TASK BRIEF | Should an entry contain an image, leave the image out and repeat the entry's text exactly.

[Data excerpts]
—————

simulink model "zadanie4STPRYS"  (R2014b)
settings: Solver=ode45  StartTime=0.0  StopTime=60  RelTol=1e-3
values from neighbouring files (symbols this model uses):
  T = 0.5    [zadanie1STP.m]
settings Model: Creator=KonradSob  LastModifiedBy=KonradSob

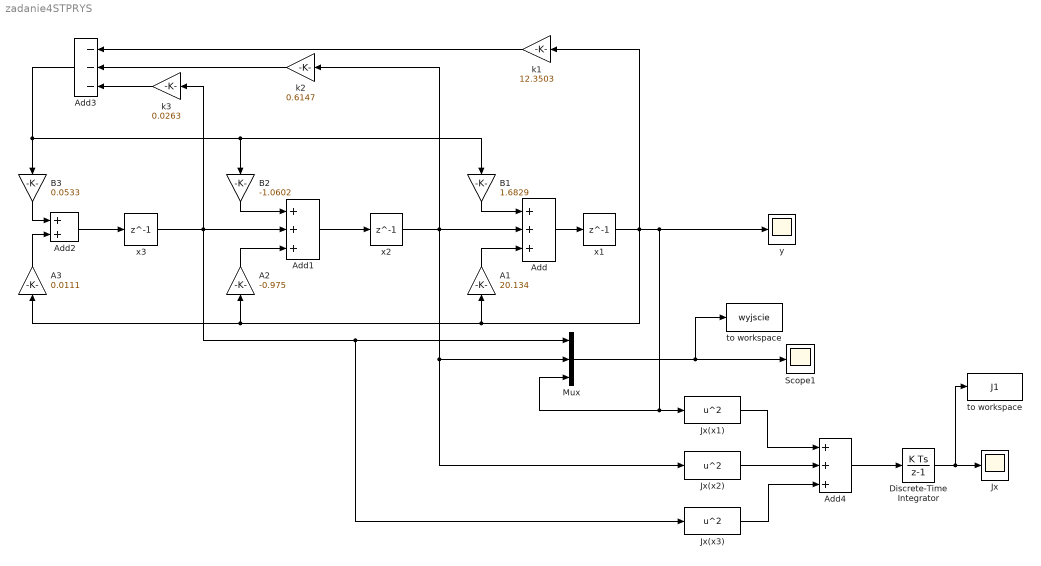
== system zadanie4STPRYS ==
  A1 : Gain  Gain=20.134
  A2 : Gain  Gain=-0.975
  A3 : Gain  Gain=0.0111
  Add : Sum  Inputs=+++
  Add1 : Sum  Inputs=+++
  Add2 : Sum
  Add3 : Sum  Inputs=---
  Add4 : Sum  Inputs=+++
  B1 : Gain  Gain=1.6829
  B2 : Gain  Gain=-1.0602
  B3 : Gain  Gain=0.0533
  Discrete-Time Integrator : DiscreteIntegrator  gainval=1/12  InitialConditionSetting=State (most efficient)
  Jx : Scope
      settings: SaveName=ScopeData2
  Jx(x1) : Fcn  Expr=u^2
  Jx(x2) : Fcn  Expr=u^2
  Jx(x3) : Fcn  Expr=u^2
  Mux : Mux  Inputs=3
  Scope1 : Scope
  k1 : Gain  Gain=12.3503
  k2 : Gain  Gain=0.6147
  k3 : Gain  Gain=0.0263
  to workspace : ToWorkspace  VariableName=J1  SaveFormat=Timeseries  SampleTime=-1
  "to workspace " : ToWorkspace  VariableName=wyjscie  SaveFormat=Timeseries  SampleTime=-1
  x1 : Delay  DelayLength=1  InitialCondition=5  SampleTime=T
  x2 : Delay  DelayLength=1  InitialCondition=-1  SampleTime=T
  x3 : Delay  DelayLength=1  InitialCondition=3  SampleTime=T
  y : Scope
      settings: YMin=4  YMax=6
  wires:
  x1/1 -> A3/1, A2/1, A1/1, Jx(x1)/1, Mux/3, y/1, k1/1
  x2/1 -> Jx(x2)/1, Mux/2, Add/2, k2/1
  Add/1 -> x1/1
  Add2/1 -> x3/1
  Add1/1 -> x2/1
  x3/1 -> Jx(x3)/1, Mux/1, Add1/2, k3/1
  k3/1 -> Add3/3
  k1/1 -> Add3/1
  Add3/1 -> B2/1, B1/1, B3/1
  B2/1 -> Add1/1
  Mux/1 -> "to workspace "/1, Scope1/1
  A3/1 -> Add2/2
  k2/1 -> Add3/2
  B1/1 -> Add/1
  A1/1 -> Add/3
  Jx(x1)/1 -> Add4/1
  Jx(x2)/1 -> Add4/2
  Jx(x3)/1 -> Add4/3
  Add4/1 -> Discrete-Time Integrator/1
  Discrete-Time Integrator/1 -> to workspace/1, Jx/1
  A2/1 -> Add1/3
  B3/1 -> Add2/1

—————

SOLUTION |
simulink model "zadanie4STPRYS"  (R2014b)
settings: Solver=ode45  StartTime=0.0  StopTime=60  RelTol=1e-3
values from neighbouring files (symbols this model uses):
  T = 0.5    [zadanie1STP.m]
settings Model: Creator=KonradSob  LastModifiedBy=KonradSob

== system zadanie4STPRYS ==
  A1 : Gain  Gain=20.134
  A2 : Gain  Gain=-0.975
  A3 : Gain  Gain=0.0111
  Add : Sum  Inputs=+++
  Add1 : Sum  Inputs=+++
  Add2 : Sum
  Add3 : Sum  Inputs=---
  Add4 : Sum  Inputs=+++
  B1 : Gain  Gain=1.6829
  B2 : Gain  Gain=-1.0602
  B3 : Gain  Gain=0.0533
  Discrete-Time Integrator : DiscreteIntegrator  gainval=1/12  InitialConditionSetting=State (most efficient)
  Jx : Scope
      settings: SaveName=ScopeData2
  Jx(x1) : Fcn  Expr=u^2
  Jx(x2) : Fcn  Expr=u^2
  Jx(x3) : Fcn  Expr=u^2
  Mux : Mux  Inputs=3
  Scope1 : Scope
  k1 : Gain  Gain=12.3503
  k2 : Gain  Gain=0.6147
  k3 : Gain  Gain=0.0263
  to workspace : ToWorkspace  VariableName=J1  SaveFormat=Timeseries  SampleTime=-1
  "to workspace " : ToWorkspace  VariableName=wyjscie  SaveFormat=Timeseries  SampleTime=-1
  x1 : Delay  DelayLength=1  InitialCondition=5  SampleTime=T
  x2 : Delay  DelayLength=1  InitialCondition=-1  SampleTime=T
  x3 : Delay  DelayLength=1  InitialCondition=3  SampleTime=T
  y : Scope
      settings: YMin=4  YMax=6
  wires:
  x1/1 -> A3/1, A2/1, A1/1, Jx(x1)/1, Mux/3, y/1, k1/1
  x2/1 -> Jx(x2)/1, Mux/2, Add/2, k2/1
  Add/1 -> x1/1
  Add2/1 -> x3/1
  Add1/1 -> x2/1
  x3/1 -> Jx(x3)/1, Mux/1, Add1/2, k3/1
  k3/1 -> Add3/3
  k1/1 -> Add3/1
  Add3/1 -> B2/1, B1/1, B3/1
  B2/1 -> Add1/1
  Mux/1 -> "to workspace "/1, Scope1/1
  A3/1 -> Add2/2
  k2/1 -> Add3/2
  B1/1 -> Add/1
  A1/1 -> Add/3
  Jx(x1)/1 -> Add4/1
  Jx(x2)/1 -> Add4/2
  Jx(x3)/1 -> Add4/3
  Add4/1 -> Discrete-Time Integrator/1
  Discrete-Time Integrator/1 -> to workspace/1, Jx/1
  A2/1 -> Add1/3
  B3/1 -> Add2/1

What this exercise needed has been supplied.